Powrót na kort jest dla Carrie nie tylko szansą na odzyskanie rekordu, ale też okazją do dostrzeżenia innych wymiarów związków międzyludzkich obecnych w jej życiu:

🎾relacji z tatą-trenerem, która ulega znacznym przemianom z racji wieku, życiowego doświadczenia i większej odwagi w wyrażaniu własnych opinii oraz umiejętności stawiania granic;

🎾relacji z przeciwniczkami, które po latach w zaskakujący sposób nabierają miękkości i pozwalają Carrie dostrzec we współzawodniczkach nie tylko kolekcję słabych i mocnych stron;

🎾relacji intymnych, w których stopniowo uczy się odsłaniać czułe punkty i eksploruje swoją wrażliwą stronę;

🎾relacji z sobą, w której dopiero teraz pozwala sobie na różne emocje.
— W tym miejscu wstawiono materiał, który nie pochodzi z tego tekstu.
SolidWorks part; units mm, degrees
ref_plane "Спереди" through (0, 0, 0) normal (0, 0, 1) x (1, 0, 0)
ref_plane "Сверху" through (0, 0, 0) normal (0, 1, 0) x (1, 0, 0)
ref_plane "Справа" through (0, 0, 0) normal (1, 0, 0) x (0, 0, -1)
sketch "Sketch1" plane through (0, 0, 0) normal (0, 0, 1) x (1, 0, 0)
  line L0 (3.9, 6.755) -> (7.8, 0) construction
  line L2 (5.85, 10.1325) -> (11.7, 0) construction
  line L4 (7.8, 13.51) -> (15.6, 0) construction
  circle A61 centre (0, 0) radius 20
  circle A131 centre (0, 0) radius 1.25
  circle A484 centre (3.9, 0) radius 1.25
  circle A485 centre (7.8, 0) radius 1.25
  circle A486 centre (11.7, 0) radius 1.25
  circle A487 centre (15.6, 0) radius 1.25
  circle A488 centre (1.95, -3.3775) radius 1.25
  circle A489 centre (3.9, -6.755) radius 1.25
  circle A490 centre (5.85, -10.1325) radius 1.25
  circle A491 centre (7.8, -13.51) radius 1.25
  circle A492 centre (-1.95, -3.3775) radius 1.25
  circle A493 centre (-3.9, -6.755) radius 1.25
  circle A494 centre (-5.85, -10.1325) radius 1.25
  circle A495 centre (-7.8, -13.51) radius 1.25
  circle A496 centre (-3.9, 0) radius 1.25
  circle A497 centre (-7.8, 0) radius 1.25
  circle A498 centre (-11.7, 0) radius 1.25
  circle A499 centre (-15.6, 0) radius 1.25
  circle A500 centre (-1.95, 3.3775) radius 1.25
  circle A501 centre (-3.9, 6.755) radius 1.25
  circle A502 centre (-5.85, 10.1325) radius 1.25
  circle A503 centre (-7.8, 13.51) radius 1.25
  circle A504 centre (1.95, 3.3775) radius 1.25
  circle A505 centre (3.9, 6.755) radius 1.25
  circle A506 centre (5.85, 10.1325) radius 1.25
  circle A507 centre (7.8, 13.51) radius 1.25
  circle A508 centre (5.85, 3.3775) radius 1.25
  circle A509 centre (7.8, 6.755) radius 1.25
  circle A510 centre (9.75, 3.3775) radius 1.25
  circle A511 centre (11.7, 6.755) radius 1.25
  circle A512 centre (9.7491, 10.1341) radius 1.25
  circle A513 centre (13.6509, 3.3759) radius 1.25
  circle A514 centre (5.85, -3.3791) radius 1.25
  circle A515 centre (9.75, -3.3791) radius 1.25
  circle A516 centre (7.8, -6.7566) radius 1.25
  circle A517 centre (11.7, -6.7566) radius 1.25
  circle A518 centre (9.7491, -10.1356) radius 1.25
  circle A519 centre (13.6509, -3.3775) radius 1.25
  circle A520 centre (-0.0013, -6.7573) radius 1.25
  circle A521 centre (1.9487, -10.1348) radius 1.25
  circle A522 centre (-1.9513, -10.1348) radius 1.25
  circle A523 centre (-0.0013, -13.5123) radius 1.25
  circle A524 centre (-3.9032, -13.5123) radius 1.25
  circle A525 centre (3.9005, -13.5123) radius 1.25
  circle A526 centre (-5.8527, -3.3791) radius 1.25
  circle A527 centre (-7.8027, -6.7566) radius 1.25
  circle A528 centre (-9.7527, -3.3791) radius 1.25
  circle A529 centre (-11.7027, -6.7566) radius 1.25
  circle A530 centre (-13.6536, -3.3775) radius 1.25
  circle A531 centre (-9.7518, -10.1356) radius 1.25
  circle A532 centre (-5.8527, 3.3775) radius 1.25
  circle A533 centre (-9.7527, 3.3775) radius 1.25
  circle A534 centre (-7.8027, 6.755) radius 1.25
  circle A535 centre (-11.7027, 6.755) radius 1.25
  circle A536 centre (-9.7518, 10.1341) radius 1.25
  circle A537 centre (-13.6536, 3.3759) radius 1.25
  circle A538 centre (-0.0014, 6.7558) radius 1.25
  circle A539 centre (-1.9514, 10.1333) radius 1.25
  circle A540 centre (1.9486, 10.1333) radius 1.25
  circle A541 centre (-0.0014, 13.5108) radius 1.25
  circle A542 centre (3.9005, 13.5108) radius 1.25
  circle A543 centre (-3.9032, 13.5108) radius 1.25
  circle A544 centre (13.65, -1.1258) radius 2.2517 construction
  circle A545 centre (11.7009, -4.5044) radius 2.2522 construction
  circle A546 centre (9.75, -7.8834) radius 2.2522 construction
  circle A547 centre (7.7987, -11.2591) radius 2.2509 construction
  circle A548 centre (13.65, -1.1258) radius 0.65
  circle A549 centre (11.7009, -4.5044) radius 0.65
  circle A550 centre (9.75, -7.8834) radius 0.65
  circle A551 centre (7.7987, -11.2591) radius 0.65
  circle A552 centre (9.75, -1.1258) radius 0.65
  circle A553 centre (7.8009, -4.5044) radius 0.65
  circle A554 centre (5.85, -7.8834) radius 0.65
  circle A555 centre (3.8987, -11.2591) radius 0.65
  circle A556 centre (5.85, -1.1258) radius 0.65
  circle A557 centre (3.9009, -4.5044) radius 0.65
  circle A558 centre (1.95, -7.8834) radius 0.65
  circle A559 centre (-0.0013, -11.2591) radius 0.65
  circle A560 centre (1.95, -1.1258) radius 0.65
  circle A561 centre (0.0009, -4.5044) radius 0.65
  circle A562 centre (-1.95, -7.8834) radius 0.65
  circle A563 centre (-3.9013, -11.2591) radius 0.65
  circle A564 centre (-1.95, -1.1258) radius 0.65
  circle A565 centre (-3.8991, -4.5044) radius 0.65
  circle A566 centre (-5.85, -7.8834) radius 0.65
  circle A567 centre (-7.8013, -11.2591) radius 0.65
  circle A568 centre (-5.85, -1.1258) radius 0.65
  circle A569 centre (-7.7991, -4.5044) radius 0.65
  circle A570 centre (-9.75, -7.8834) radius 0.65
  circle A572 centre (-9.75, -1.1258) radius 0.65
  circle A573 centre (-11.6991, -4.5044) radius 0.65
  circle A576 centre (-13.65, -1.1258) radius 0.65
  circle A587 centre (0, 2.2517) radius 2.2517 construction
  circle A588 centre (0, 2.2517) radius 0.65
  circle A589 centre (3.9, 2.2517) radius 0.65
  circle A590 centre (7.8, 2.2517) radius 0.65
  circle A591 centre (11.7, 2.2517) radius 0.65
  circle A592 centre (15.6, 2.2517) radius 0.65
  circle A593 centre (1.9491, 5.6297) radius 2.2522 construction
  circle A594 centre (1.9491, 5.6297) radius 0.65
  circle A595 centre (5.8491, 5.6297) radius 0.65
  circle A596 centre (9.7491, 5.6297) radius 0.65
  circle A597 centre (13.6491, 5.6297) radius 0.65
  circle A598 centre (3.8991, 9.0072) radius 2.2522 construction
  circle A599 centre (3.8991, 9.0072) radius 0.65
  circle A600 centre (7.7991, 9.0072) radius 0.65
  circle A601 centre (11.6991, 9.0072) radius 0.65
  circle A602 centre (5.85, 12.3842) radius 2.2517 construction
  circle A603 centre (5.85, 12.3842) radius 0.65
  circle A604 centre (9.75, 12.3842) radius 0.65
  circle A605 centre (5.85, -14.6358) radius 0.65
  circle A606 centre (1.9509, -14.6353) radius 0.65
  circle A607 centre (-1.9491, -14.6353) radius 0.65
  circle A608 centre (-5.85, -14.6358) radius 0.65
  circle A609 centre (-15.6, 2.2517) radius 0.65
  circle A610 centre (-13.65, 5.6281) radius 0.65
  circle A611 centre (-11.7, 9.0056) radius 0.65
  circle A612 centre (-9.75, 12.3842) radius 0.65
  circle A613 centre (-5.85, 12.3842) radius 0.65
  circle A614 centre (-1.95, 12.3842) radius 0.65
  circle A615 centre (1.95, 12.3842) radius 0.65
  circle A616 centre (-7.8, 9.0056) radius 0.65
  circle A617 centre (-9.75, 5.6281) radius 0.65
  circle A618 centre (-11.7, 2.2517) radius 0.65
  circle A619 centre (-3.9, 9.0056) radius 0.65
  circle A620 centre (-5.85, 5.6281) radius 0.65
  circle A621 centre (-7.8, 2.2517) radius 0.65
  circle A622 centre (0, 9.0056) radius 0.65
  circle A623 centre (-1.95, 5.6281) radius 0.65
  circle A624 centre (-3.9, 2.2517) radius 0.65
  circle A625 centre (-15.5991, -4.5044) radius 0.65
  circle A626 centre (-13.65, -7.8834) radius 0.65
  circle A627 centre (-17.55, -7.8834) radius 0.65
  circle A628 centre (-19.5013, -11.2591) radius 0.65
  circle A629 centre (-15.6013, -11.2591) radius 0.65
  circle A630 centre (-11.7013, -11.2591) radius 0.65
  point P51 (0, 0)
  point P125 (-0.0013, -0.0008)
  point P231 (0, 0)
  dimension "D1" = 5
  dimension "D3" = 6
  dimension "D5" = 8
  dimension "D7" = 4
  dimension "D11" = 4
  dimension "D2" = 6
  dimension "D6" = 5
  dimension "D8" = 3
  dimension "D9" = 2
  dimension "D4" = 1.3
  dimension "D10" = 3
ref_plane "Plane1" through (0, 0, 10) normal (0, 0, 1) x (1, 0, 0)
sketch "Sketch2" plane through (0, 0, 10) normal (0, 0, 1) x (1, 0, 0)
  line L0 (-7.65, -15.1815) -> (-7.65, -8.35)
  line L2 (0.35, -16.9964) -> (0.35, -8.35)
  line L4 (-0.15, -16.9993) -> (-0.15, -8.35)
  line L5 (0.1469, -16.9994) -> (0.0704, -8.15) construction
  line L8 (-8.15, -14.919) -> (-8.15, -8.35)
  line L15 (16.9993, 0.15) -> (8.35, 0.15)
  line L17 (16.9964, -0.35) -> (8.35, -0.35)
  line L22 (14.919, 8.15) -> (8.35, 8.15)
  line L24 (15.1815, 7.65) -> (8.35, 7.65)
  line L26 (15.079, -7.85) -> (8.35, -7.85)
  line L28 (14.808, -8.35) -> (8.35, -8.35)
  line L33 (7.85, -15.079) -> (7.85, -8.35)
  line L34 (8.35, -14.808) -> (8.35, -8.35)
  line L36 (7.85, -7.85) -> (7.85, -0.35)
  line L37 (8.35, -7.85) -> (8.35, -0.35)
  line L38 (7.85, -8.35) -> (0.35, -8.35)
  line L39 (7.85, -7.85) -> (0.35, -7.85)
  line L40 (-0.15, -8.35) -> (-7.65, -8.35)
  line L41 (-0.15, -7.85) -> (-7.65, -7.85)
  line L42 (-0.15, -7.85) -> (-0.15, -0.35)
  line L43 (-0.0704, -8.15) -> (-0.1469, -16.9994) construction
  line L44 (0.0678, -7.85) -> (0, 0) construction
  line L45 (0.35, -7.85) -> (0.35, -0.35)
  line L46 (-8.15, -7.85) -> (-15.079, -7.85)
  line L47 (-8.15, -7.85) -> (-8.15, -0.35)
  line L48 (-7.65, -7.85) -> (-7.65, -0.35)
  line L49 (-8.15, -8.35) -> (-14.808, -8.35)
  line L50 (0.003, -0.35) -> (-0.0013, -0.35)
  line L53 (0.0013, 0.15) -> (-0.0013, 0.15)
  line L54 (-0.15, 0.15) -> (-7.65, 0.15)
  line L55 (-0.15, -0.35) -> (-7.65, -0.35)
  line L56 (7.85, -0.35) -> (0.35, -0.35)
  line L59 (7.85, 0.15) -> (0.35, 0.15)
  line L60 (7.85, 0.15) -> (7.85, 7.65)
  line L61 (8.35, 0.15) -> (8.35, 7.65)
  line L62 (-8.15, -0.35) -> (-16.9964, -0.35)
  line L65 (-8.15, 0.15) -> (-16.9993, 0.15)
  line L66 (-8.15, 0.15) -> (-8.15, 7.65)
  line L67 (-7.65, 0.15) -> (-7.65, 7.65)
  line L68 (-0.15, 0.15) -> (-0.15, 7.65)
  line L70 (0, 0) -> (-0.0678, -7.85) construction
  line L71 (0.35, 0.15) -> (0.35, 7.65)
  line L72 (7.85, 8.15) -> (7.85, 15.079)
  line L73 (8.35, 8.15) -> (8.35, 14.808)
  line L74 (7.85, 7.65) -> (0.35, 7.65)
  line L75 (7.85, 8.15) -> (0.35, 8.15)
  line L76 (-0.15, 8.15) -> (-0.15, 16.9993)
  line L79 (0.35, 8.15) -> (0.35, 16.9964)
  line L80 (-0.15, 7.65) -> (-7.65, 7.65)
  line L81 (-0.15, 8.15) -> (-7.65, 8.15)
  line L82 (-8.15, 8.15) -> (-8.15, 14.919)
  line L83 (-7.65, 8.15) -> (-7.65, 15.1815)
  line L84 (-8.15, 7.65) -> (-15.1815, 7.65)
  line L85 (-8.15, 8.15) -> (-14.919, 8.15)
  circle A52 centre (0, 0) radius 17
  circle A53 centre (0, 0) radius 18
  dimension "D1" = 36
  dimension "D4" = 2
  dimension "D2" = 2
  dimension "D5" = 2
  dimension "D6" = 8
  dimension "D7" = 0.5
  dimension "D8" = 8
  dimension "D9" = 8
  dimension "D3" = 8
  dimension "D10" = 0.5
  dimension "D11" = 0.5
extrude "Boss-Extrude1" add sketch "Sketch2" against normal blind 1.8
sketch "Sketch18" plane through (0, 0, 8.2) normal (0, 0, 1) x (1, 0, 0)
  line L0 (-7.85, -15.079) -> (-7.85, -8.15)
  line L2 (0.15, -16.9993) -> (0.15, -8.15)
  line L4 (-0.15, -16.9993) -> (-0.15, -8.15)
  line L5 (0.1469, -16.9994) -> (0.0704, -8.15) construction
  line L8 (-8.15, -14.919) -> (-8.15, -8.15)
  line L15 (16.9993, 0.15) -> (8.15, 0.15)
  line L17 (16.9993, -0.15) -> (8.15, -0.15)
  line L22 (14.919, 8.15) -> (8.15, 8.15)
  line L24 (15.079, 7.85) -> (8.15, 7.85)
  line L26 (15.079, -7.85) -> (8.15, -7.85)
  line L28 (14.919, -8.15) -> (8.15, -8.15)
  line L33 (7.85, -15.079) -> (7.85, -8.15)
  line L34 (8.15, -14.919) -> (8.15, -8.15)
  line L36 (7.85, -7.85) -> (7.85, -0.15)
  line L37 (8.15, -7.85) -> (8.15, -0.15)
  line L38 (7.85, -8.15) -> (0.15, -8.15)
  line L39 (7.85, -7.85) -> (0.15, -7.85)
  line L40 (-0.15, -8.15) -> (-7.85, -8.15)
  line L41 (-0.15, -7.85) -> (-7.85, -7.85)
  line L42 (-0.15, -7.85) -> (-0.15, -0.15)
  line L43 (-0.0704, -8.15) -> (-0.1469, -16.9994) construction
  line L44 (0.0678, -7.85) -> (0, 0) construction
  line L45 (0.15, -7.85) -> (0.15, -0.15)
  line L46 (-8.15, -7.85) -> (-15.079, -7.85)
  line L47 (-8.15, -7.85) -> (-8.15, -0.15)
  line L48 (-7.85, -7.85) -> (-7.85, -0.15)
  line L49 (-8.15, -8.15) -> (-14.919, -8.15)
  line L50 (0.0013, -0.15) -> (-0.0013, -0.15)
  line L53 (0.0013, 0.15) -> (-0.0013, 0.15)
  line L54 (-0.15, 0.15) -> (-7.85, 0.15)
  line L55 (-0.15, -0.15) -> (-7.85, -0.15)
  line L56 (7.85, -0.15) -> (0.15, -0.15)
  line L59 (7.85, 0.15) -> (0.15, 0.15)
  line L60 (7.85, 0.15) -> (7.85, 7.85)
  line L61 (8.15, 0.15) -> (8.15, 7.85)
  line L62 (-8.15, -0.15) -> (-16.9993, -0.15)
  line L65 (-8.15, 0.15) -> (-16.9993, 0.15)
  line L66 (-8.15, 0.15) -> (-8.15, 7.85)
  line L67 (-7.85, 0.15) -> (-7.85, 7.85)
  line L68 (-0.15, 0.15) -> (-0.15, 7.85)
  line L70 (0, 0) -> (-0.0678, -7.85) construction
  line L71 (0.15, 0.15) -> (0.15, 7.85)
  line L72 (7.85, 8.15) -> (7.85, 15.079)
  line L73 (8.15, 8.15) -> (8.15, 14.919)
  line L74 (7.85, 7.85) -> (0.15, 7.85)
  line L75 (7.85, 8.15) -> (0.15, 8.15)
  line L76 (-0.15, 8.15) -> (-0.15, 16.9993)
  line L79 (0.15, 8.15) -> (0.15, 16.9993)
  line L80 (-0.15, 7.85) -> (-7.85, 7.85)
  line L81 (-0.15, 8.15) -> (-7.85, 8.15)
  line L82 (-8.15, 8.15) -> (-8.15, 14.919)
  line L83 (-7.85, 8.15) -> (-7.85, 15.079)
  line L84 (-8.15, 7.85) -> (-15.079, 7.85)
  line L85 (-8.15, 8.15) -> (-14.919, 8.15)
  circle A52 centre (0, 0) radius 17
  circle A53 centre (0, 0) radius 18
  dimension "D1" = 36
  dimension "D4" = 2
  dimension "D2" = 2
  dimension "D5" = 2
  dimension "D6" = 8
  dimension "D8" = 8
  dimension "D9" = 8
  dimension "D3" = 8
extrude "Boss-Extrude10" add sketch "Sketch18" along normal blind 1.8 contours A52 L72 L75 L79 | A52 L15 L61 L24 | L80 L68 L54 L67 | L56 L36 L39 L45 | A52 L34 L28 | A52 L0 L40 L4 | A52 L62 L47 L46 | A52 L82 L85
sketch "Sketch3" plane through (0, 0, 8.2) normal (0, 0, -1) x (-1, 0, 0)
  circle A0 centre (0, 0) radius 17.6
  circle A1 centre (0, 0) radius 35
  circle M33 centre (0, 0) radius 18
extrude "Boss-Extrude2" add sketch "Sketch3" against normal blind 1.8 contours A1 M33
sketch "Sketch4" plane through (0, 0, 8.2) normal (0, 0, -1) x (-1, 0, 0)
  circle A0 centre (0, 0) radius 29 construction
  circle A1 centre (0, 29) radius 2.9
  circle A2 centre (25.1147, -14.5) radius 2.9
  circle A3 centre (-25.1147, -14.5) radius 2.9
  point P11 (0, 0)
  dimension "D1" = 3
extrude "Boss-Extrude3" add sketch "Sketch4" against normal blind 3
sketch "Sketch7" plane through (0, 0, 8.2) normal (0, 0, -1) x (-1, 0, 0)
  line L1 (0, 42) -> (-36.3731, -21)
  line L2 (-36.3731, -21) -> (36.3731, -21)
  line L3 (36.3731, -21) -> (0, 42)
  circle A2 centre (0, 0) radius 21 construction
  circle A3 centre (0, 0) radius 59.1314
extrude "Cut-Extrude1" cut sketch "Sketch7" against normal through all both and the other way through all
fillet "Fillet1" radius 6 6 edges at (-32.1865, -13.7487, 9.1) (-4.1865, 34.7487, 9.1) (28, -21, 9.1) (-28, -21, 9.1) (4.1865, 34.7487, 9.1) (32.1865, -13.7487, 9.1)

Reid rozpięła na szkielecie tenisowych pojedynków wspaniałą historię o poszukiwaniu własnego ja, przedefiniowaniu utartych schematów i wyjściu poza ciasne ramy opracowanych strategii. Przeplata niezwykle plastyczne opisy błyskotliwymi dialogami skrzącymi się emocjami i sarkazmem, dzięki którym postaci zyskują wyjątkowe temperamenty. W tych pełnych ironii, dynamicznych wymianach rewelacyjnie odbijają się cechy charakteru poszczególnych postaci - i to zdecydowanie dialogi są najmocniejszą stroną w "Carrie Soto powraca". Reid bardzo sprawnie manewruje też w warstwie językowej, tym razem sięgając po język prostszy, bardziej bezpośredni i dosadny, daleko odchodząc od barokowych i starannie wycyzelowanych zdań, do których przyzwyczaiła czytelnika w "Siedmiu mężach Evelyn Hugo". Ta zmiana świetnie koresponduje z charakterem i sposobem komunikacji głównej bohaterki, dzięki czemu cała opowieść jest przesycona zupełnie inną atmosferą niż nostalgiczne wspomnienia gwiazdy Hollywood. 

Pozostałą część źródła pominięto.